As long as taxpayers are stuck paying the bill, PLUS interest on the “loans”, PLUS “unanticipated” cost “over-runs”, why would the IBRP care? A new bridge isn’t needed. What is really needed is at least two more cross river bridges. But, since the decision to replace the bridge has already been made, taxpayers are going to take it hard.
Thank you Bob Ortblad for your continued digging into the facts and details of the IBR’s proposal.
Details like this should have been exposed by the program prior to the DSEIS public comment period.
This highlights one of many problems caused by Greg Johnson and his team, as they bury vital information deep within their 12,500 pages of their DSEIS.
PLEASE TELL ME. Is there ANYthing HONEST towards the people, in ANY Government Project? The DIShonesty is over-whelming!
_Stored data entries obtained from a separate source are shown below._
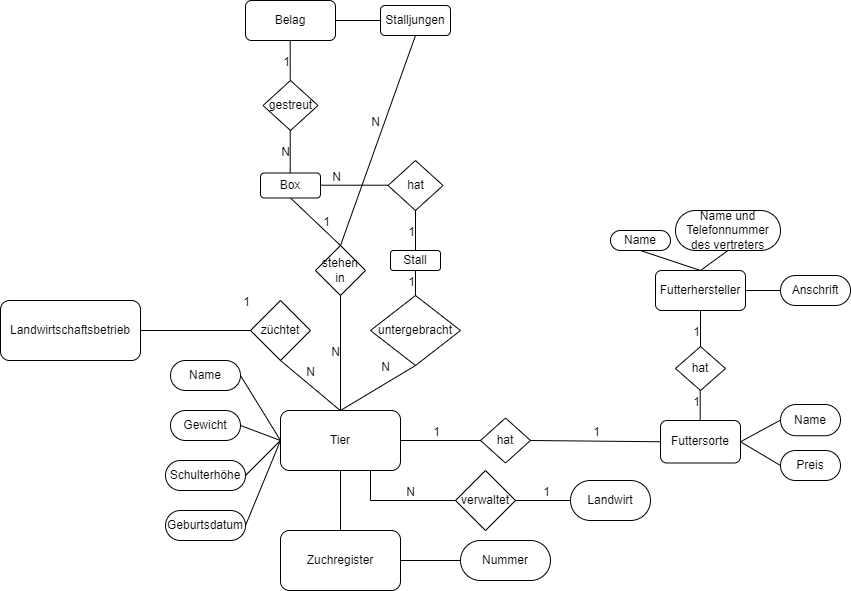

The diagram above was exported from draw.io. Its source (the exported page's mxGraphModel, read from the mxfile embedded in the PNG):
<mxGraphModel dx="2272" dy="768" grid="1" gridSize="10" guides="1" tooltips="1" connect="1" arrows="1" fold="1" page="1" pageScale="1" pageWidth="850" pageHeight="1100" math="0" shadow="0">
  <root>
    <mxCell id="0" />
    <mxCell id="1" parent="0" />
    <mxCell id="sDVwffH50ic2LKkTCMEA-1" value="Landwirtschaftsbetrieb" style="rounded=1;whiteSpace=wrap;html=1;" vertex="1" parent="1">
      <mxGeometry x="-90" y="430" width="140" height="60" as="geometry" />
    </mxCell>
    <mxCell id="sDVwffH50ic2LKkTCMEA-2" value="züchtet" style="rhombus;whiteSpace=wrap;html=1;" vertex="1" parent="1">
      <mxGeometry x="160" y="430" width="60" height="60" as="geometry" />
    </mxCell>
    <mxCell id="sDVwffH50ic2LKkTCMEA-4" value="Tier" style="rounded=1;whiteSpace=wrap;html=1;" vertex="1" parent="1">
      <mxGeometry x="190" y="540" width="120" height="60" as="geometry" />
    </mxCell>
    <mxCell id="sDVwffH50ic2LKkTCMEA-5" value="Name" style="rounded=1;whiteSpace=wrap;html=1;arcSize=50;" vertex="1" parent="1">
      <mxGeometry x="80" y="490" width="70" height="30" as="geometry" />
    </mxCell>
    <mxCell id="sDVwffH50ic2LKkTCMEA-6" value="Gewicht" style="rounded=1;whiteSpace=wrap;html=1;arcSize=50;" vertex="1" parent="1">
      <mxGeometry x="80" y="540" width="70" height="30" as="geometry" />
    </mxCell>
    <mxCell id="sDVwffH50ic2LKkTCMEA-7" value="Schulterhöhe" style="rounded=1;whiteSpace=wrap;html=1;arcSize=50;" vertex="1" parent="1">
      <mxGeometry x="75" y="590" width="80" height="30" as="geometry" />
    </mxCell>
    <mxCell id="sDVwffH50ic2LKkTCMEA-8" value="Geburtsdatum" style="rounded=1;whiteSpace=wrap;html=1;arcSize=50;" vertex="1" parent="1">
      <mxGeometry x="75" y="640" width="80" height="30" as="geometry" />
    </mxCell>
    <mxCell id="sDVwffH50ic2LKkTCMEA-9" value="Zuchregister" style="rounded=1;whiteSpace=wrap;html=1;" vertex="1" parent="1">
      <mxGeometry x="190" y="660" width="120" height="60" as="geometry" />
    </mxCell>
    <mxCell id="sDVwffH50ic2LKkTCMEA-10" value="Nummer" style="rounded=1;whiteSpace=wrap;html=1;arcSize=50;" vertex="1" parent="1">
      <mxGeometry x="370" y="670" width="90" height="40" as="geometry" />
    </mxCell>
    <mxCell id="sDVwffH50ic2LKkTCMEA-11" value="verwaltet" style="rhombus;whiteSpace=wrap;html=1;" vertex="1" parent="1">
      <mxGeometry x="365" y="600" width="60" height="60" as="geometry" />
    </mxCell>
    <mxCell id="sDVwffH50ic2LKkTCMEA-13" value="Landwirt" style="rounded=1;whiteSpace=wrap;html=1;arcSize=50;" vertex="1" parent="1">
      <mxGeometry x="480" y="610" width="80" height="40" as="geometry" />
    </mxCell>
    <mxCell id="sDVwffH50ic2LKkTCMEA-25" value="" style="endArrow=none;html=1;rounded=0;exitX=1;exitY=0.5;exitDx=0;exitDy=0;" edge="1" parent="1" source="sDVwffH50ic2LKkTCMEA-1" target="sDVwffH50ic2LKkTCMEA-2">
      <mxGeometry relative="1" as="geometry">
        <mxPoint x="380" y="510" as="sourcePoint" />
        <mxPoint x="540" y="510" as="targetPoint" />
      </mxGeometry>
    </mxCell>
    <mxCell id="sDVwffH50ic2LKkTCMEA-26" value="1" style="resizable=0;html=1;align=right;verticalAlign=bottom;" connectable="0" vertex="1" parent="sDVwffH50ic2LKkTCMEA-25">
      <mxGeometry x="1" relative="1" as="geometry">
        <mxPoint y="-20" as="offset" />
      </mxGeometry>
    </mxCell>
    <mxCell id="sDVwffH50ic2LKkTCMEA-27" value="" style="endArrow=none;html=1;rounded=0;exitX=0.5;exitY=1;exitDx=0;exitDy=0;entryX=0.5;entryY=0;entryDx=0;entryDy=0;" edge="1" parent="1" source="sDVwffH50ic2LKkTCMEA-2">
      <mxGeometry relative="1" as="geometry">
        <mxPoint x="249.71" y="480" as="sourcePoint" />
        <mxPoint x="249.71" y="540" as="targetPoint" />
      </mxGeometry>
    </mxCell>
    <mxCell id="sDVwffH50ic2LKkTCMEA-28" value="N" style="resizable=0;html=1;align=right;verticalAlign=bottom;" connectable="0" vertex="1" parent="sDVwffH50ic2LKkTCMEA-27">
      <mxGeometry x="1" relative="1" as="geometry">
        <mxPoint y="-50" as="offset" />
      </mxGeometry>
    </mxCell>
    <mxCell id="sDVwffH50ic2LKkTCMEA-29" value="" style="endArrow=none;html=1;rounded=0;exitX=0.5;exitY=1;exitDx=0;exitDy=0;entryX=0.5;entryY=0;entryDx=0;entryDy=0;" edge="1" parent="1" source="sDVwffH50ic2LKkTCMEA-4" target="sDVwffH50ic2LKkTCMEA-9">
      <mxGeometry width="50" height="50" relative="1" as="geometry">
        <mxPoint x="440" y="540" as="sourcePoint" />
        <mxPoint x="490" y="490" as="targetPoint" />
      </mxGeometry>
    </mxCell>
    <mxCell id="sDVwffH50ic2LKkTCMEA-30" value="" style="endArrow=none;html=1;rounded=0;exitX=1;exitY=0.5;exitDx=0;exitDy=0;entryX=0;entryY=0.5;entryDx=0;entryDy=0;" edge="1" parent="1" source="sDVwffH50ic2LKkTCMEA-9" target="sDVwffH50ic2LKkTCMEA-10">
      <mxGeometry width="50" height="50" relative="1" as="geometry">
        <mxPoint x="440" y="540" as="sourcePoint" />
        <mxPoint x="490" y="490" as="targetPoint" />
      </mxGeometry>
    </mxCell>
    <mxCell id="sDVwffH50ic2LKkTCMEA-31" value="" style="endArrow=none;html=1;rounded=0;exitX=0.75;exitY=1;exitDx=0;exitDy=0;entryX=0;entryY=0.5;entryDx=0;entryDy=0;" edge="1" parent="1">
      <mxGeometry relative="1" as="geometry">
        <mxPoint x="280" y="600" as="sourcePoint" />
        <mxPoint x="365" y="630" as="targetPoint" />
        <Array as="points">
          <mxPoint x="280" y="630" />
        </Array>
      </mxGeometry>
    </mxCell>
    <mxCell id="sDVwffH50ic2LKkTCMEA-32" value="N" style="resizable=0;html=1;align=right;verticalAlign=bottom;" connectable="0" vertex="1" parent="sDVwffH50ic2LKkTCMEA-31">
      <mxGeometry x="1" relative="1" as="geometry">
        <mxPoint x="-40" as="offset" />
      </mxGeometry>
    </mxCell>
    <mxCell id="sDVwffH50ic2LKkTCMEA-33" value="" style="endArrow=none;html=1;rounded=0;exitX=1;exitY=0.5;exitDx=0;exitDy=0;entryX=0;entryY=0.5;entryDx=0;entryDy=0;" edge="1" parent="1" source="sDVwffH50ic2LKkTCMEA-11" target="sDVwffH50ic2LKkTCMEA-13">
      <mxGeometry relative="1" as="geometry">
        <mxPoint x="380" y="510" as="sourcePoint" />
        <mxPoint x="540" y="510" as="targetPoint" />
      </mxGeometry>
    </mxCell>
    <mxCell id="sDVwffH50ic2LKkTCMEA-34" value="1" style="resizable=0;html=1;align=right;verticalAlign=bottom;" connectable="0" vertex="1" parent="sDVwffH50ic2LKkTCMEA-33">
      <mxGeometry x="1" relative="1" as="geometry">
        <mxPoint x="-20" as="offset" />
      </mxGeometry>
    </mxCell>
    <mxCell id="sDVwffH50ic2LKkTCMEA-35" value="" style="endArrow=none;html=1;rounded=0;exitX=1;exitY=0.5;exitDx=0;exitDy=0;entryX=0;entryY=0.5;entryDx=0;entryDy=0;" edge="1" parent="1" source="sDVwffH50ic2LKkTCMEA-5" target="sDVwffH50ic2LKkTCMEA-4">
      <mxGeometry width="50" height="50" relative="1" as="geometry">
        <mxPoint x="440" y="540" as="sourcePoint" />
        <mxPoint x="490" y="490" as="targetPoint" />
      </mxGeometry>
    </mxCell>
    <mxCell id="sDVwffH50ic2LKkTCMEA-37" value="" style="endArrow=none;html=1;rounded=0;exitX=1;exitY=0.5;exitDx=0;exitDy=0;entryX=0;entryY=0.5;entryDx=0;entryDy=0;" edge="1" parent="1" source="sDVwffH50ic2LKkTCMEA-8" target="sDVwffH50ic2LKkTCMEA-4">
      <mxGeometry width="50" height="50" relative="1" as="geometry">
        <mxPoint x="440" y="540" as="sourcePoint" />
        <mxPoint x="490" y="490" as="targetPoint" />
      </mxGeometry>
    </mxCell>
    <mxCell id="sDVwffH50ic2LKkTCMEA-38" value="" style="endArrow=none;html=1;rounded=0;exitX=1;exitY=0.5;exitDx=0;exitDy=0;entryX=0;entryY=0.5;entryDx=0;entryDy=0;" edge="1" parent="1" source="sDVwffH50ic2LKkTCMEA-7" target="sDVwffH50ic2LKkTCMEA-4">
      <mxGeometry width="50" height="50" relative="1" as="geometry">
        <mxPoint x="440" y="540" as="sourcePoint" />
        <mxPoint x="490" y="490" as="targetPoint" />
      </mxGeometry>
    </mxCell>
    <mxCell id="sDVwffH50ic2LKkTCMEA-39" value="" style="endArrow=none;html=1;rounded=0;exitX=1;exitY=0.5;exitDx=0;exitDy=0;entryX=0;entryY=0.5;entryDx=0;entryDy=0;" edge="1" parent="1" source="sDVwffH50ic2LKkTCMEA-6" target="sDVwffH50ic2LKkTCMEA-4">
      <mxGeometry width="50" height="50" relative="1" as="geometry">
        <mxPoint x="440" y="540" as="sourcePoint" />
        <mxPoint x="490" y="490" as="targetPoint" />
      </mxGeometry>
    </mxCell>
    <mxCell id="sDVwffH50ic2LKkTCMEA-40" value="hat" style="rhombus;whiteSpace=wrap;html=1;" vertex="1" parent="1">
      <mxGeometry x="390" y="547.5" width="50" height="45" as="geometry" />
    </mxCell>
    <mxCell id="sDVwffH50ic2LKkTCMEA-42" value="" style="endArrow=none;html=1;rounded=0;exitX=1;exitY=0.5;exitDx=0;exitDy=0;entryX=0;entryY=0.5;entryDx=0;entryDy=0;" edge="1" parent="1" source="sDVwffH50ic2LKkTCMEA-4" target="sDVwffH50ic2LKkTCMEA-40">
      <mxGeometry relative="1" as="geometry">
        <mxPoint x="380" y="510" as="sourcePoint" />
        <mxPoint x="540" y="510" as="targetPoint" />
      </mxGeometry>
    </mxCell>
    <mxCell id="sDVwffH50ic2LKkTCMEA-43" value="1" style="resizable=0;html=1;align=right;verticalAlign=bottom;" connectable="0" vertex="1" parent="sDVwffH50ic2LKkTCMEA-42">
      <mxGeometry x="1" relative="1" as="geometry">
        <mxPoint x="-40" as="offset" />
      </mxGeometry>
    </mxCell>
    <mxCell id="sDVwffH50ic2LKkTCMEA-44" value="Futtersorte" style="rounded=1;whiteSpace=wrap;html=1;" vertex="1" parent="1">
      <mxGeometry x="570" y="550" width="80" height="42.5" as="geometry" />
    </mxCell>
    <mxCell id="sDVwffH50ic2LKkTCMEA-45" value="" style="endArrow=none;html=1;rounded=0;exitX=1;exitY=0.5;exitDx=0;exitDy=0;entryX=0;entryY=0.5;entryDx=0;entryDy=0;" edge="1" parent="1" source="sDVwffH50ic2LKkTCMEA-40" target="sDVwffH50ic2LKkTCMEA-44">
      <mxGeometry relative="1" as="geometry">
        <mxPoint x="380" y="510" as="sourcePoint" />
        <mxPoint x="540" y="510" as="targetPoint" />
      </mxGeometry>
    </mxCell>
    <mxCell id="sDVwffH50ic2LKkTCMEA-46" value="1" style="resizable=0;html=1;align=right;verticalAlign=bottom;" connectable="0" vertex="1" parent="sDVwffH50ic2LKkTCMEA-45">
      <mxGeometry x="1" relative="1" as="geometry">
        <mxPoint x="-60" y="-1" as="offset" />
      </mxGeometry>
    </mxCell>
    <mxCell id="sDVwffH50ic2LKkTCMEA-47" value="Preis" style="rounded=1;whiteSpace=wrap;html=1;arcSize=50;" vertex="1" parent="1">
      <mxGeometry x="690" y="580" width="60" height="30" as="geometry" />
    </mxCell>
    <mxCell id="sDVwffH50ic2LKkTCMEA-48" value="Name" style="rounded=1;whiteSpace=wrap;html=1;arcSize=50;" vertex="1" parent="1">
      <mxGeometry x="690" y="534" width="60" height="31.25" as="geometry" />
    </mxCell>
    <mxCell id="sDVwffH50ic2LKkTCMEA-49" value="" style="endArrow=none;html=1;rounded=0;entryX=0;entryY=0.5;entryDx=0;entryDy=0;exitX=1;exitY=0.5;exitDx=0;exitDy=0;" edge="1" parent="1" source="sDVwffH50ic2LKkTCMEA-44" target="sDVwffH50ic2LKkTCMEA-47">
      <mxGeometry width="50" height="50" relative="1" as="geometry">
        <mxPoint x="440" y="540" as="sourcePoint" />
        <mxPoint x="490" y="490" as="targetPoint" />
      </mxGeometry>
    </mxCell>
    <mxCell id="sDVwffH50ic2LKkTCMEA-50" value="" style="endArrow=none;html=1;rounded=0;entryX=0;entryY=0.5;entryDx=0;entryDy=0;exitX=1;exitY=0.5;exitDx=0;exitDy=0;" edge="1" parent="1" source="sDVwffH50ic2LKkTCMEA-44" target="sDVwffH50ic2LKkTCMEA-48">
      <mxGeometry width="50" height="50" relative="1" as="geometry">
        <mxPoint x="440" y="540" as="sourcePoint" />
        <mxPoint x="490" y="490" as="targetPoint" />
      </mxGeometry>
    </mxCell>
    <mxCell id="sDVwffH50ic2LKkTCMEA-51" value="hat" style="rhombus;whiteSpace=wrap;html=1;" vertex="1" parent="1">
      <mxGeometry x="585" y="476" width="50" height="44" as="geometry" />
    </mxCell>
    <mxCell id="sDVwffH50ic2LKkTCMEA-52" value="" style="endArrow=none;html=1;rounded=0;exitX=0.5;exitY=0;exitDx=0;exitDy=0;entryX=0.5;entryY=1;entryDx=0;entryDy=0;" edge="1" parent="1">
      <mxGeometry relative="1" as="geometry">
        <mxPoint x="609.71" y="550" as="sourcePoint" />
        <mxPoint x="609.71" y="520" as="targetPoint" />
      </mxGeometry>
    </mxCell>
    <mxCell id="sDVwffH50ic2LKkTCMEA-53" value="1" style="resizable=0;html=1;align=right;verticalAlign=bottom;" connectable="0" vertex="1" parent="sDVwffH50ic2LKkTCMEA-52">
      <mxGeometry x="1" relative="1" as="geometry">
        <mxPoint y="20" as="offset" />
      </mxGeometry>
    </mxCell>
    <mxCell id="sDVwffH50ic2LKkTCMEA-55" value="Futterhersteller" style="rounded=1;whiteSpace=wrap;html=1;" vertex="1" parent="1">
      <mxGeometry x="565" y="400" width="90" height="40" as="geometry" />
    </mxCell>
    <mxCell id="sDVwffH50ic2LKkTCMEA-56" value="" style="endArrow=none;html=1;rounded=0;exitX=0.5;exitY=0;exitDx=0;exitDy=0;entryX=0.5;entryY=1;entryDx=0;entryDy=0;" edge="1" parent="1" source="sDVwffH50ic2LKkTCMEA-51" target="sDVwffH50ic2LKkTCMEA-55">
      <mxGeometry relative="1" as="geometry">
        <mxPoint x="380" y="510" as="sourcePoint" />
        <mxPoint x="540" y="510" as="targetPoint" />
      </mxGeometry>
    </mxCell>
    <mxCell id="sDVwffH50ic2LKkTCMEA-57" value="1" style="resizable=0;html=1;align=right;verticalAlign=bottom;" connectable="0" vertex="1" parent="sDVwffH50ic2LKkTCMEA-56">
      <mxGeometry x="1" relative="1" as="geometry">
        <mxPoint y="30" as="offset" />
      </mxGeometry>
    </mxCell>
    <mxCell id="sDVwffH50ic2LKkTCMEA-58" value="Anschrift" style="rounded=1;whiteSpace=wrap;html=1;arcSize=50;" vertex="1" parent="1">
      <mxGeometry x="690" y="405" width="70" height="30" as="geometry" />
    </mxCell>
    <mxCell id="sDVwffH50ic2LKkTCMEA-59" value="Name und Telefonnummer des vertreters" style="rounded=1;whiteSpace=wrap;html=1;arcSize=50;" vertex="1" parent="1">
      <mxGeometry x="585" y="340" width="105" height="40" as="geometry" />
    </mxCell>
    <mxCell id="sDVwffH50ic2LKkTCMEA-60" value="Name" style="rounded=1;whiteSpace=wrap;html=1;arcSize=50;" vertex="1" parent="1">
      <mxGeometry x="520" y="360" width="60" height="20" as="geometry" />
    </mxCell>
    <mxCell id="sDVwffH50ic2LKkTCMEA-68" value="" style="endArrow=none;html=1;rounded=0;exitX=0;exitY=0.5;exitDx=0;exitDy=0;entryX=1;entryY=0.5;entryDx=0;entryDy=0;" edge="1" parent="1" source="sDVwffH50ic2LKkTCMEA-58" target="sDVwffH50ic2LKkTCMEA-55">
      <mxGeometry width="50" height="50" relative="1" as="geometry">
        <mxPoint x="440" y="530" as="sourcePoint" />
        <mxPoint x="490" y="480" as="targetPoint" />
      </mxGeometry>
    </mxCell>
    <mxCell id="sDVwffH50ic2LKkTCMEA-69" value="" style="endArrow=none;html=1;rounded=0;exitX=0.5;exitY=1;exitDx=0;exitDy=0;" edge="1" parent="1" source="sDVwffH50ic2LKkTCMEA-59">
      <mxGeometry width="50" height="50" relative="1" as="geometry">
        <mxPoint x="440" y="530" as="sourcePoint" />
        <mxPoint x="610" y="400" as="targetPoint" />
      </mxGeometry>
    </mxCell>
    <mxCell id="sDVwffH50ic2LKkTCMEA-70" value="" style="endArrow=none;html=1;rounded=0;entryX=0.5;entryY=1;entryDx=0;entryDy=0;exitX=0.5;exitY=0;exitDx=0;exitDy=0;" edge="1" parent="1" source="sDVwffH50ic2LKkTCMEA-55" target="sDVwffH50ic2LKkTCMEA-60">
      <mxGeometry width="50" height="50" relative="1" as="geometry">
        <mxPoint x="440" y="530" as="sourcePoint" />
        <mxPoint x="490" y="480" as="targetPoint" />
      </mxGeometry>
    </mxCell>
    <mxCell id="sDVwffH50ic2LKkTCMEA-71" value="untergebracht" style="rhombus;whiteSpace=wrap;html=1;" vertex="1" parent="1">
      <mxGeometry x="280" y="425" width="90" height="70" as="geometry" />
    </mxCell>
    <mxCell id="sDVwffH50ic2LKkTCMEA-72" value="" style="endArrow=none;html=1;rounded=0;exitX=0.5;exitY=0;exitDx=0;exitDy=0;entryX=0.5;entryY=1;entryDx=0;entryDy=0;" edge="1" parent="1" source="sDVwffH50ic2LKkTCMEA-4" target="sDVwffH50ic2LKkTCMEA-71">
      <mxGeometry relative="1" as="geometry">
        <mxPoint x="240" y="490" as="sourcePoint" />
        <mxPoint x="400" y="490" as="targetPoint" />
      </mxGeometry>
    </mxCell>
    <mxCell id="sDVwffH50ic2LKkTCMEA-73" value="N" style="resizable=0;html=1;align=right;verticalAlign=bottom;" connectable="0" vertex="1" parent="sDVwffH50ic2LKkTCMEA-72">
      <mxGeometry x="1" relative="1" as="geometry">
        <mxPoint x="-25" y="10" as="offset" />
      </mxGeometry>
    </mxCell>
    <mxCell id="sDVwffH50ic2LKkTCMEA-74" value="Stall" style="rounded=1;whiteSpace=wrap;html=1;" vertex="1" parent="1">
      <mxGeometry x="300" y="380" width="50" height="20" as="geometry" />
    </mxCell>
    <mxCell id="sDVwffH50ic2LKkTCMEA-75" value="" style="endArrow=none;html=1;rounded=0;exitX=0.5;exitY=0;exitDx=0;exitDy=0;entryX=0.5;entryY=1;entryDx=0;entryDy=0;" edge="1" parent="1" source="sDVwffH50ic2LKkTCMEA-71" target="sDVwffH50ic2LKkTCMEA-74">
      <mxGeometry relative="1" as="geometry">
        <mxPoint x="240" y="490" as="sourcePoint" />
        <mxPoint x="400" y="490" as="targetPoint" />
      </mxGeometry>
    </mxCell>
    <mxCell id="sDVwffH50ic2LKkTCMEA-76" value="1" style="resizable=0;html=1;align=right;verticalAlign=bottom;" connectable="0" vertex="1" parent="sDVwffH50ic2LKkTCMEA-75">
      <mxGeometry x="1" relative="1" as="geometry">
        <mxPoint y="20" as="offset" />
      </mxGeometry>
    </mxCell>
    <mxCell id="sDVwffH50ic2LKkTCMEA-77" value="hat" style="rhombus;whiteSpace=wrap;html=1;" vertex="1" parent="1">
      <mxGeometry x="297.5" y="290" width="55" height="50" as="geometry" />
    </mxCell>
    <mxCell id="sDVwffH50ic2LKkTCMEA-78" value="" style="endArrow=none;html=1;rounded=0;exitX=0.5;exitY=0;exitDx=0;exitDy=0;entryX=0.5;entryY=1;entryDx=0;entryDy=0;" edge="1" parent="1" source="sDVwffH50ic2LKkTCMEA-74" target="sDVwffH50ic2LKkTCMEA-77">
      <mxGeometry relative="1" as="geometry">
        <mxPoint x="240" y="490" as="sourcePoint" />
        <mxPoint x="400" y="490" as="targetPoint" />
      </mxGeometry>
    </mxCell>
    <mxCell id="sDVwffH50ic2LKkTCMEA-79" value="1" style="resizable=0;html=1;align=right;verticalAlign=bottom;" connectable="0" vertex="1" parent="sDVwffH50ic2LKkTCMEA-78">
      <mxGeometry x="1" relative="1" as="geometry">
        <mxPoint y="30" as="offset" />
      </mxGeometry>
    </mxCell>
    <mxCell id="sDVwffH50ic2LKkTCMEA-80" value="Box" style="rounded=1;whiteSpace=wrap;html=1;" vertex="1" parent="1">
      <mxGeometry x="170" y="302.5" width="60" height="25" as="geometry" />
    </mxCell>
    <mxCell id="sDVwffH50ic2LKkTCMEA-81" value="" style="endArrow=none;html=1;rounded=0;exitX=1;exitY=0.5;exitDx=0;exitDy=0;entryX=0;entryY=0.5;entryDx=0;entryDy=0;" edge="1" parent="1">
      <mxGeometry relative="1" as="geometry">
        <mxPoint x="230" y="314.71" as="sourcePoint" />
        <mxPoint x="297.5" y="314.71" as="targetPoint" />
      </mxGeometry>
    </mxCell>
    <mxCell id="sDVwffH50ic2LKkTCMEA-82" value="N" style="resizable=0;html=1;align=right;verticalAlign=bottom;" connectable="0" vertex="1" parent="sDVwffH50ic2LKkTCMEA-81">
      <mxGeometry x="1" relative="1" as="geometry">
        <mxPoint x="-47" as="offset" />
      </mxGeometry>
    </mxCell>
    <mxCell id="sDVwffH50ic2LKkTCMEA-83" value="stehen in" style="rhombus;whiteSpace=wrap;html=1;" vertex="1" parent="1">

Ok, MetaWorld2, please sit down, get a glass of RonRico 151, and put your feet up, because the answer to your question is NO. There are NO consequences for (s)elected government office holders or their most friendly bureaucrat toadies when they skim tax money and “re-route” said funds to their “special” non-profits, when they deliberately pass laws that are un-Constitutional, when they squander tax money on “projects” that any sane person that can add 2 plus 2 and get 4 would say is a boondoggle that shouldn’t be funded, and, of course all they do is LIE to the people that are paying their wages (taxpayers). Nothing new about that either. Unfortunately it has been going on since the Bank of England bought our “representatives” and “senators” to “bless” us with central banking and the british fractional reserve banking system.